Some investors, especially institutions like pension funds, want their investments to be more environmentally friendly. But they are also careful not to step away too much from the broader stock market. Enter low-carbon funds.

Low-carbon funds seek to own companies with a lower carbon footprint or greenhouse gas emissions relative to the market.

Rating providers like MSCI measure the carbon intensity of the companies in a fund in tons of carbon per dollar of revenue. Then they assign carbon intensity metrics to the fund. These metrics help compare low-carbon funds to the benchmark, such as the S&P 500 Index.

Why do low-carbon funds invest in fossil fuel stocks?
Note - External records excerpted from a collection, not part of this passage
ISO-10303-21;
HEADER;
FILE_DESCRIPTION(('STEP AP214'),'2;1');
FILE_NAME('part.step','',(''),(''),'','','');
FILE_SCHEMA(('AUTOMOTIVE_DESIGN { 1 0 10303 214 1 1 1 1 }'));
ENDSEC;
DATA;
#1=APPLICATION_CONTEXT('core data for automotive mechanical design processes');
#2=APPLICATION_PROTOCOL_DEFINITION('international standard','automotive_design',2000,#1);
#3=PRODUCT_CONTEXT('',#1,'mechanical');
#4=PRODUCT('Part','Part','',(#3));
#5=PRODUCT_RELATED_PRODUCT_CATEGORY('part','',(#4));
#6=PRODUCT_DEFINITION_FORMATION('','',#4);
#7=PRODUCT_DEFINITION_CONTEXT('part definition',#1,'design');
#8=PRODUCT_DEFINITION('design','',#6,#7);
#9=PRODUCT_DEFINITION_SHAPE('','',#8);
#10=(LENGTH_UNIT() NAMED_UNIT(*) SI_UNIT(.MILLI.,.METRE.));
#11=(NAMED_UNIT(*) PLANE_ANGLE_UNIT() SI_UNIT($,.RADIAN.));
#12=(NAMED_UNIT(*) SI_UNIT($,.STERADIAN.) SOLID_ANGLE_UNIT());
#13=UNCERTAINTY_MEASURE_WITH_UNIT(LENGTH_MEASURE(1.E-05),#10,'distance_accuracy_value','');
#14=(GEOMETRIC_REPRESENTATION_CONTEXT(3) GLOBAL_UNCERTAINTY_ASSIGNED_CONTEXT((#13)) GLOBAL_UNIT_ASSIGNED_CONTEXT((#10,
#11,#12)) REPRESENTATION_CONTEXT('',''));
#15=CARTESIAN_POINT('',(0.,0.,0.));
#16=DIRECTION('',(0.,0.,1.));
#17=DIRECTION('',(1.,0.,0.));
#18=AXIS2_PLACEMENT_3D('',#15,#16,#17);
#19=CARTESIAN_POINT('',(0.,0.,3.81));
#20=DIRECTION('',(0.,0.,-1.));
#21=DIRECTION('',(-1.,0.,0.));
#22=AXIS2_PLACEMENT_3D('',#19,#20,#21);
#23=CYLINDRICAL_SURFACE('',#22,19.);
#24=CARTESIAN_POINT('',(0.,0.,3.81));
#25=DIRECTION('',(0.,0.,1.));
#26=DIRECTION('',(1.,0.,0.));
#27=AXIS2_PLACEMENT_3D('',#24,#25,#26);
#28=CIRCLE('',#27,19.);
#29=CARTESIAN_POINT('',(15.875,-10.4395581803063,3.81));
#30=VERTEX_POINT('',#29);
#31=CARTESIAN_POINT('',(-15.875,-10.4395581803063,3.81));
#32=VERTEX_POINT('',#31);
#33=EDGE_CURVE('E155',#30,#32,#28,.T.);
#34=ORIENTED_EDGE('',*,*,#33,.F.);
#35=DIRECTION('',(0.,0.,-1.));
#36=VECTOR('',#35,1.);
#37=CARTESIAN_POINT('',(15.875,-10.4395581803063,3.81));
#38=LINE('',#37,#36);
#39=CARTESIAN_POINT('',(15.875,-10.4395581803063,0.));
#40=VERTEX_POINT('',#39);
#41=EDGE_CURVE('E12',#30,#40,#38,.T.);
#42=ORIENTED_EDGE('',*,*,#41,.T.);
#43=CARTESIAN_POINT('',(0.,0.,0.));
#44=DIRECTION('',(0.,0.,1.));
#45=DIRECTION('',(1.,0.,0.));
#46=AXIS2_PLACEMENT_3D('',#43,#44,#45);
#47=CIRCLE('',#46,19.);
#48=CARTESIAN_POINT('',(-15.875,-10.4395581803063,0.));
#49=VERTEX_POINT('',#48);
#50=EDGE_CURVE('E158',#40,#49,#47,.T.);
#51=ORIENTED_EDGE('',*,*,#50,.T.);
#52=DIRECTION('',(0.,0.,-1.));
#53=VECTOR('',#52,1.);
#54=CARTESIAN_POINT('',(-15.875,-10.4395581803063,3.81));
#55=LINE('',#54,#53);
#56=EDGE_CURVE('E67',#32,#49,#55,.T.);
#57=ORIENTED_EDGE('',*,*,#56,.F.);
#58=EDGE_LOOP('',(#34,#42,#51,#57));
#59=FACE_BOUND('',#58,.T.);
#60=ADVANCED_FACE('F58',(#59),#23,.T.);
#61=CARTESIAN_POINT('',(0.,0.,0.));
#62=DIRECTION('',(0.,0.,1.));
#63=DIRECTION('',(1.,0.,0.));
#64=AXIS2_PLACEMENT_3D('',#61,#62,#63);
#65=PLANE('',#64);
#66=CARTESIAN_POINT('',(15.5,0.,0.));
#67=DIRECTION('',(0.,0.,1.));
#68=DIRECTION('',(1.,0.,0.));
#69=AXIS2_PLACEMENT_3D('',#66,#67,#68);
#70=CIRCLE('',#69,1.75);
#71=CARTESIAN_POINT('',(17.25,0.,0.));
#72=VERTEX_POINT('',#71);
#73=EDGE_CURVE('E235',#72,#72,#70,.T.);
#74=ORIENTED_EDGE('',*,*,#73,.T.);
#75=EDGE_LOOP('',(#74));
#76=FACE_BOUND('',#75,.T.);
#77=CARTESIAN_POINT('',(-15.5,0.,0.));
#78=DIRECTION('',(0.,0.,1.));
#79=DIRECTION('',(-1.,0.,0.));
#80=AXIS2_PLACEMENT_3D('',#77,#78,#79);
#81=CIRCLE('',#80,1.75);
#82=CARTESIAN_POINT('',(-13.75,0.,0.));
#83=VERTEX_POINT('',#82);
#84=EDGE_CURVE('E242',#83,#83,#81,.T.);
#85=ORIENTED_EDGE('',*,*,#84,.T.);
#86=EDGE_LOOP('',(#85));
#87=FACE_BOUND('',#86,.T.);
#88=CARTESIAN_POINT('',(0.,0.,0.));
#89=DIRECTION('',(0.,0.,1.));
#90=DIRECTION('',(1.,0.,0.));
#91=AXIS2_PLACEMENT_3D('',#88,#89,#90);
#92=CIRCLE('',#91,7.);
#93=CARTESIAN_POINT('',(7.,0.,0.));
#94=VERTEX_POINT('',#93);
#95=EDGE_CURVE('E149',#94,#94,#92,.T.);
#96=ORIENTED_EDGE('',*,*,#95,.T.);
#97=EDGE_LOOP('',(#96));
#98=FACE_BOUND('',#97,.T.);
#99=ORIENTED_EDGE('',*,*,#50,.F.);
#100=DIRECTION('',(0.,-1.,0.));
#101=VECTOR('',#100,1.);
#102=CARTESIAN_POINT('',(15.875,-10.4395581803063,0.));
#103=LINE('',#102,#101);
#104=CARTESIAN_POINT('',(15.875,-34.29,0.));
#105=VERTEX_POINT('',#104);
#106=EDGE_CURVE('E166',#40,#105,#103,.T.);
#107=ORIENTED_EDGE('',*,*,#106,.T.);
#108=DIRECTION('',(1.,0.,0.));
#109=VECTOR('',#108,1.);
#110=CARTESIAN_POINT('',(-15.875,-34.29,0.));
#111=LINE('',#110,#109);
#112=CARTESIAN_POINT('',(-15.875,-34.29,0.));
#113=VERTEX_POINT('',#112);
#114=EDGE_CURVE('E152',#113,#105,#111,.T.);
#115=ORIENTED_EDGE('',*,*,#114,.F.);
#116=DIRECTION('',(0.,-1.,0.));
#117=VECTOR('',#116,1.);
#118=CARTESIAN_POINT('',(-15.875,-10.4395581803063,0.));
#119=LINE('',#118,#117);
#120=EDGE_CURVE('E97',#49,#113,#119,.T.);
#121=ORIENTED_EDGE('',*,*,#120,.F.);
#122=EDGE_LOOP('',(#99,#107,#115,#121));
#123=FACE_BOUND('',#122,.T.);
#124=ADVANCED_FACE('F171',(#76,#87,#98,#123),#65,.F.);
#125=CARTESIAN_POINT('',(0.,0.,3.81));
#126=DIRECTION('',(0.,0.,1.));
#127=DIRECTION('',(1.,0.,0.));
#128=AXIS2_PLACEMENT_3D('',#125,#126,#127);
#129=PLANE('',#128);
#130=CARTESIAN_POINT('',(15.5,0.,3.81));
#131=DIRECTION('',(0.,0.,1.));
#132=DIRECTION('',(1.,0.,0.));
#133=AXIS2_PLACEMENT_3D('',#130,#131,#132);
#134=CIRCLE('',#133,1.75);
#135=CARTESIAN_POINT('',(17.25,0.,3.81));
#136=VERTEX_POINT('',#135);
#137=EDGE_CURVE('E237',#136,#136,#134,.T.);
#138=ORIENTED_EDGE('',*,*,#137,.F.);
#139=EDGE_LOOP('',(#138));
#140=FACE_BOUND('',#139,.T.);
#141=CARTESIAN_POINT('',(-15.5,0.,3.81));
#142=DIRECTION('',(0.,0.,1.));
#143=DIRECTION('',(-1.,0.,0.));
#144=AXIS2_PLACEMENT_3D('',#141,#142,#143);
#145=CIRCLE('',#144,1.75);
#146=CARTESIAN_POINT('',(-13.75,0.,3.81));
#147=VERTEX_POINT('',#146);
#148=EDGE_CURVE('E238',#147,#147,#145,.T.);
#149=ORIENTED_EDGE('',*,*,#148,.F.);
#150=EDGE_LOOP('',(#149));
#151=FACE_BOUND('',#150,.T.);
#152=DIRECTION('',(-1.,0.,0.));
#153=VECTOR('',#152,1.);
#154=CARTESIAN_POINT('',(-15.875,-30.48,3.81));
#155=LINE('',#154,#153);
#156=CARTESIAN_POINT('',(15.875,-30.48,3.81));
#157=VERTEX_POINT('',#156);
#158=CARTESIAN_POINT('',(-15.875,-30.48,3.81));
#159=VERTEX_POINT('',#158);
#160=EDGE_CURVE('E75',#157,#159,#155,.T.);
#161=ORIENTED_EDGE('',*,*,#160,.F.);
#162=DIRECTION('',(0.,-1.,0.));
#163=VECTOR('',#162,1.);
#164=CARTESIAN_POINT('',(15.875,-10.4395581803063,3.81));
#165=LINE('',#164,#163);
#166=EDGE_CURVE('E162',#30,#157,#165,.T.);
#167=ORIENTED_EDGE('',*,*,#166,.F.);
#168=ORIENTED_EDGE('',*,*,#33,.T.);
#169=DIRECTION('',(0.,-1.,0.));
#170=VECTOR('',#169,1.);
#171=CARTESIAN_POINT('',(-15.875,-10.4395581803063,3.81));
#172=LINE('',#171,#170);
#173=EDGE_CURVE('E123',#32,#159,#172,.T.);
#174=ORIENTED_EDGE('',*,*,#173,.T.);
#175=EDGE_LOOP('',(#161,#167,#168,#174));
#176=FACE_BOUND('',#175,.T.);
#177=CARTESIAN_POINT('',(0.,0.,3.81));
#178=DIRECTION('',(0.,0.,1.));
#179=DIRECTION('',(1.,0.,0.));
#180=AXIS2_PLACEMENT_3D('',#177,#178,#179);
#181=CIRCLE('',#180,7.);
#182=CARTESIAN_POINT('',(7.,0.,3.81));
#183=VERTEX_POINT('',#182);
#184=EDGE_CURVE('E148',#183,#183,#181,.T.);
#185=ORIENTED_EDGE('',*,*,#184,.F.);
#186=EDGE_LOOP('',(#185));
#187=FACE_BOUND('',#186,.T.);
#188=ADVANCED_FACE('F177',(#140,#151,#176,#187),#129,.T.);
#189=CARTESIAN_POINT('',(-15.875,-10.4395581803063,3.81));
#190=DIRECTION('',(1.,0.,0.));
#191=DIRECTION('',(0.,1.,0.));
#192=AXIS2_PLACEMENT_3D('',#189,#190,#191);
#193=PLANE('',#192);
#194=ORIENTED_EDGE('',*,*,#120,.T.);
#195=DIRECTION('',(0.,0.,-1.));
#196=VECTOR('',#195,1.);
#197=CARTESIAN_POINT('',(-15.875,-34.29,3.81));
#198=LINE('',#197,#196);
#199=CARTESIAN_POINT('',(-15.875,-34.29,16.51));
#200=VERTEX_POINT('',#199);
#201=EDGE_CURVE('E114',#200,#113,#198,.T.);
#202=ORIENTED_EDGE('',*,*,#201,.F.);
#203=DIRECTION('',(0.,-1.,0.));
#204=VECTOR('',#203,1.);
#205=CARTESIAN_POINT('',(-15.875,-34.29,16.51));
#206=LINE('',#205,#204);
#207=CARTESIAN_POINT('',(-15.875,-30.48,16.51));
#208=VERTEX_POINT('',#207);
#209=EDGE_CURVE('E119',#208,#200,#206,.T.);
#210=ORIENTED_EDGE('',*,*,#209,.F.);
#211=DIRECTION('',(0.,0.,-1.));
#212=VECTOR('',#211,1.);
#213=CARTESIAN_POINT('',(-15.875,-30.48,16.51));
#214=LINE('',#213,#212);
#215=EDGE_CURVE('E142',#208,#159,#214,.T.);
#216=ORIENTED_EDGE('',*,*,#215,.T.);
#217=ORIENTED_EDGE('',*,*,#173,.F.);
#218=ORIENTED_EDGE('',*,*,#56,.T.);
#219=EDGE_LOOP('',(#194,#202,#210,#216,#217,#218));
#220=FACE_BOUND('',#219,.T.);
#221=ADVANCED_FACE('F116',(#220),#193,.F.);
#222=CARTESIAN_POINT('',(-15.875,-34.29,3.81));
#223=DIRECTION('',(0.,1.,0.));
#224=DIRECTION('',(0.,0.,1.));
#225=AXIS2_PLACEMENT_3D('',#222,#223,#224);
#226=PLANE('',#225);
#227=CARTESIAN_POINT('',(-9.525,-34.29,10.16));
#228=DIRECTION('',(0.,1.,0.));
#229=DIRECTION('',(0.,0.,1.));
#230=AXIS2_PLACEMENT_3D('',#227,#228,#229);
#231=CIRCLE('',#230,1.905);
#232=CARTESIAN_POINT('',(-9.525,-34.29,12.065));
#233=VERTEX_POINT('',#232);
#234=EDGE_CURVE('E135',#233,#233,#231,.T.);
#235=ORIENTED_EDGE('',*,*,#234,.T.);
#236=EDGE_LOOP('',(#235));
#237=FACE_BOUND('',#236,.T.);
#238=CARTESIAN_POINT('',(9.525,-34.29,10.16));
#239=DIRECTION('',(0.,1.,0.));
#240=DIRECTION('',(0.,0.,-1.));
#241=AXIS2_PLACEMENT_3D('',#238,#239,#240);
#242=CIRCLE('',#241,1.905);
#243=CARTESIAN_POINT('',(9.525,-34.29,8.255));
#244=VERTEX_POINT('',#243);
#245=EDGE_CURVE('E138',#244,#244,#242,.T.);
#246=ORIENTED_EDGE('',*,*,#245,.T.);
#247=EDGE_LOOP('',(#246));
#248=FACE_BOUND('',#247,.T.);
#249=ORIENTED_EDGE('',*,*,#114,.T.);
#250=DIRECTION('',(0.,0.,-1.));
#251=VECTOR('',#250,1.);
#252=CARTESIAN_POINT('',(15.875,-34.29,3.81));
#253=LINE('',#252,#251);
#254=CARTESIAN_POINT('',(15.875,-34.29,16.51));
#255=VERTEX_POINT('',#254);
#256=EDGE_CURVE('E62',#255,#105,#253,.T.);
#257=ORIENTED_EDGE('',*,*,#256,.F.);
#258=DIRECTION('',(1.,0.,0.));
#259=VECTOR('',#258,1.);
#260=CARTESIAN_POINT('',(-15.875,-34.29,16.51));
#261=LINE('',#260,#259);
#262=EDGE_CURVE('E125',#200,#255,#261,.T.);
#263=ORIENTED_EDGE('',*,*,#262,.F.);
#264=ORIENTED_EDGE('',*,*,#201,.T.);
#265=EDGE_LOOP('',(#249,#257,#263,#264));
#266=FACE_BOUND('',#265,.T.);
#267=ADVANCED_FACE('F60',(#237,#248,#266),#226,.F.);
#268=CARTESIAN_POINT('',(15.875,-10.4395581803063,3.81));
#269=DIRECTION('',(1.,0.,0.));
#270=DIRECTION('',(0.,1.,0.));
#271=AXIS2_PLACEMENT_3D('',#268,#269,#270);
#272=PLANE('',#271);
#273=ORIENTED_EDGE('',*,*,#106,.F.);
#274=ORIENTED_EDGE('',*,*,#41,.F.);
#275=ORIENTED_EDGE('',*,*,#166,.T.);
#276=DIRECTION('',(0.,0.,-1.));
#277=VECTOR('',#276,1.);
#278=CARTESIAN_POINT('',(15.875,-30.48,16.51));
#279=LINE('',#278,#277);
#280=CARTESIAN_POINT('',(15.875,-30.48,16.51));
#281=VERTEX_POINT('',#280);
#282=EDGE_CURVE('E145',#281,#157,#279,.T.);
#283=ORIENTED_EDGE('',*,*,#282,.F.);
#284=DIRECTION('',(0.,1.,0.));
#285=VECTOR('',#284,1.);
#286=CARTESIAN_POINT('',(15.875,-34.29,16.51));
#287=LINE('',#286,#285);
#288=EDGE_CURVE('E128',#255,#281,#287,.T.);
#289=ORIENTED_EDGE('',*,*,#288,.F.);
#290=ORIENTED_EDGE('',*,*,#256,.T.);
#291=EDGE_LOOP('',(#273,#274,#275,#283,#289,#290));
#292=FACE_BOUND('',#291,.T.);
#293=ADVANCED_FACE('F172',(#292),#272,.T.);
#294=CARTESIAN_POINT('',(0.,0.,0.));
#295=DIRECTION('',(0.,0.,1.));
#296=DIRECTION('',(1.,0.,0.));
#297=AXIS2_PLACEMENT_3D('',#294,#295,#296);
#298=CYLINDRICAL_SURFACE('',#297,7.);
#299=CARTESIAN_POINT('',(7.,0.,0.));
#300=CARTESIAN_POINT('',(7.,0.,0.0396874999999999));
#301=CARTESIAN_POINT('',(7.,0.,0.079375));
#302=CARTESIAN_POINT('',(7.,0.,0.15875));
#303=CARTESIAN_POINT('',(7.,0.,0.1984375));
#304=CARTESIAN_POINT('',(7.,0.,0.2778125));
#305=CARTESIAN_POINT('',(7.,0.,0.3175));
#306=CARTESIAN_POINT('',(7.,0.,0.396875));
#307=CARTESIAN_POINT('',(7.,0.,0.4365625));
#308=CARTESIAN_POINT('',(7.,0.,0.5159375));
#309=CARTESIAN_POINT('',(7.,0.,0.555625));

Low-carbon funds try to track the stock market as a whole, and the stock market includes energy companies.

As a result, most low-carbon funds do not divest from oil and gas stocks like fossil free funds. Nor do they target social or governance metrics like popular environmental, social, and governance (ESG) funds.

Most low-carbon funds will invest in every industry, including fossil fuels, but they try to avoid the worst-polluting offenders. In contrast, they assign more weight to companies with the lowest greenhouse gas emissions in each sector.

Should you invest in low-carbon funds?

If you don’t want to own any fossil fuel companies because they are destroying the environment, low-carbon funds are not for you. You should consider fossil free funds.

But, if you want to be as diversified as possible and own the broader stock market while being “greener,” keep reading. A low-carbon fund could be your main stock holding if you are concerned about the climate but want to achieve market-like returns and don’t want to divest from fossil fuels.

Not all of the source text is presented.